* European shares seen opening lower
* Rising U.S. virus cases and lockdowns sour mood
* Euro STOXX 50 and FTSE futures down nearly 1%
Welcome to the home for real-time coverage of markets brought to
you by Reuters reporters. You can share your thoughts with us at
markets.research@thomsonreuters.com
ON OUR RADAR: VIRUS HITS HARD BUT SOME EARNINGS PLEASE (0739
GMT)
On the corporate front there are no major market moving
updates but newsflow continues to show how the coronavirus
crisis is hitting businesses hard, even though not all earning
updates are gloomy as online orders and the stay-at-home economy
grows.
Ailing conglomerate Thyssenkrupp said it needs a
further 5,000 jobs to ease the impact of the COVID-19 crisis,
while budget airline Norwegian Air has asked an Irish
court to oversee a restructuring of its massive debt as it seeks
to stave off collapse.
Meantime the FT has reported that Cineworld is
looking at an insolvency process used to cut costs, as part of
its talks with lenders to gain access to capital.

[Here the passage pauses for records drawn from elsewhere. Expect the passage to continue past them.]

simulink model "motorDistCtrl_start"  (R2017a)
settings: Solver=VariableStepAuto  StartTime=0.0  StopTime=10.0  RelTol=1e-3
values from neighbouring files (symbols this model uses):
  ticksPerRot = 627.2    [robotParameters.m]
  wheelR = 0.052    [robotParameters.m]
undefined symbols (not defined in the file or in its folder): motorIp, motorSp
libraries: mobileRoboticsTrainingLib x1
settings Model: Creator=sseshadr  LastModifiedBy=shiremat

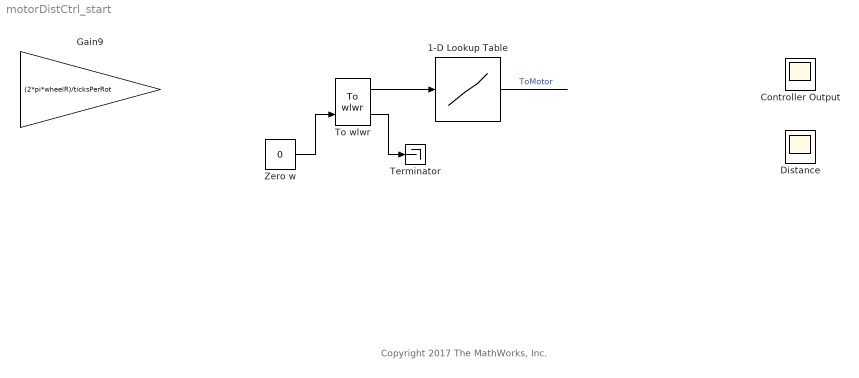
== system motorDistCtrl_start ==
  note: Copyright 2017 The MathWorks, Inc.
  1-D Lookup Table : Lookup_n-D  NumberOfTableDimensions=1  BreakpointsForDimension1=motorSp  Table=motorIp  ExtrapMethod=Clip  InternalRulePriority=Speed  RndMeth=Simplest  InputSameDT=on
  Controller Output : Scope
  Distance : Scope  NumInputPorts=2
  Gain9 : Gain  Gain=(2*pi*wheelR)/ticksPerRot
  Terminator : Terminator
  To wlwr : mobileRoboticsTrainingLib/To wlwr  axleLength=axleLength  wheelR=wheelR
  Zero w : Constant  Value=0
  wires:
  ? -> Distance/1  "Reference"
  ? -> Distance/2  "Measured"
  To wlwr/1 -> 1-D Lookup Table/1
  Zero w/1 -> To wlwr/2
  To wlwr/2 -> Terminator/1
  ? -> Controller Output/1  "Controller"
  ? -> To wlwr/1  "FromPID"
  1-D Lookup Table/1 -> ?  "ToMotor"

On a more brighter note, French conglomerate Bouygues
has raised its outlook for the second half of the year
on the back of a strong Q3.
British home improvement retailer Kingfisher saw a
17% jump in quarterly underlying sales, continuing to benefit
from the popularity of do-it-yourself during the pandemic.
More online orders helped Naked Wines raise its
full-year sales forecast as H1 revenues grew nearly 80%
, while online shopping helped Royal Mail
boost sales but losses in its letters unit and virus-related
costs led to a slump in pre-tax profit.
Online trading platform CMC Markets posted a record
net operating income as the coronavirus crisis lifted volatility
in financial markets.
Chemicals maker Johnson Matthey reported a slump in
half-year profit and stayed away from providing an outlook for
2021, as the pandemic continued to dent demand.
In M&A, Swiss engineer ABB unveiled plans to
offload three business units that generate $1.75 billion in
sales.
While we're still waiting for AstraZeneca's late
stage trial results, vaccine developments continue to inspire
confidence following the Pfizer and Moderna updates.
Pfizer and BioNTech could secure
emergency U.S. and European authorization for their COVID-19
vaccine next month with first deliveries possibly before
Christmas.
(Danilo Masoni)
*****
EUROPE SEEN LOWER ON WALL STREET SLIDE (0636 GMT)
European shares could fall sharply at the open today on the
back of heavy late-session losses on Wall Street overnight as
growing COVID-19 infections and shutdowns in the world's largest
economy sour investor sentiment.
The S&P 500 closed down more than 1% yesterday as
losses accelerated after markets here in Europe closed.
The U.S. death toll from COVID-19 surpassed a grim new
milestone of 250,000 lives lost, while NY Fed's Williams said
the rapid increase in infections could hurt the economy, even
though vaccine developments made him "somewhat more optimistic".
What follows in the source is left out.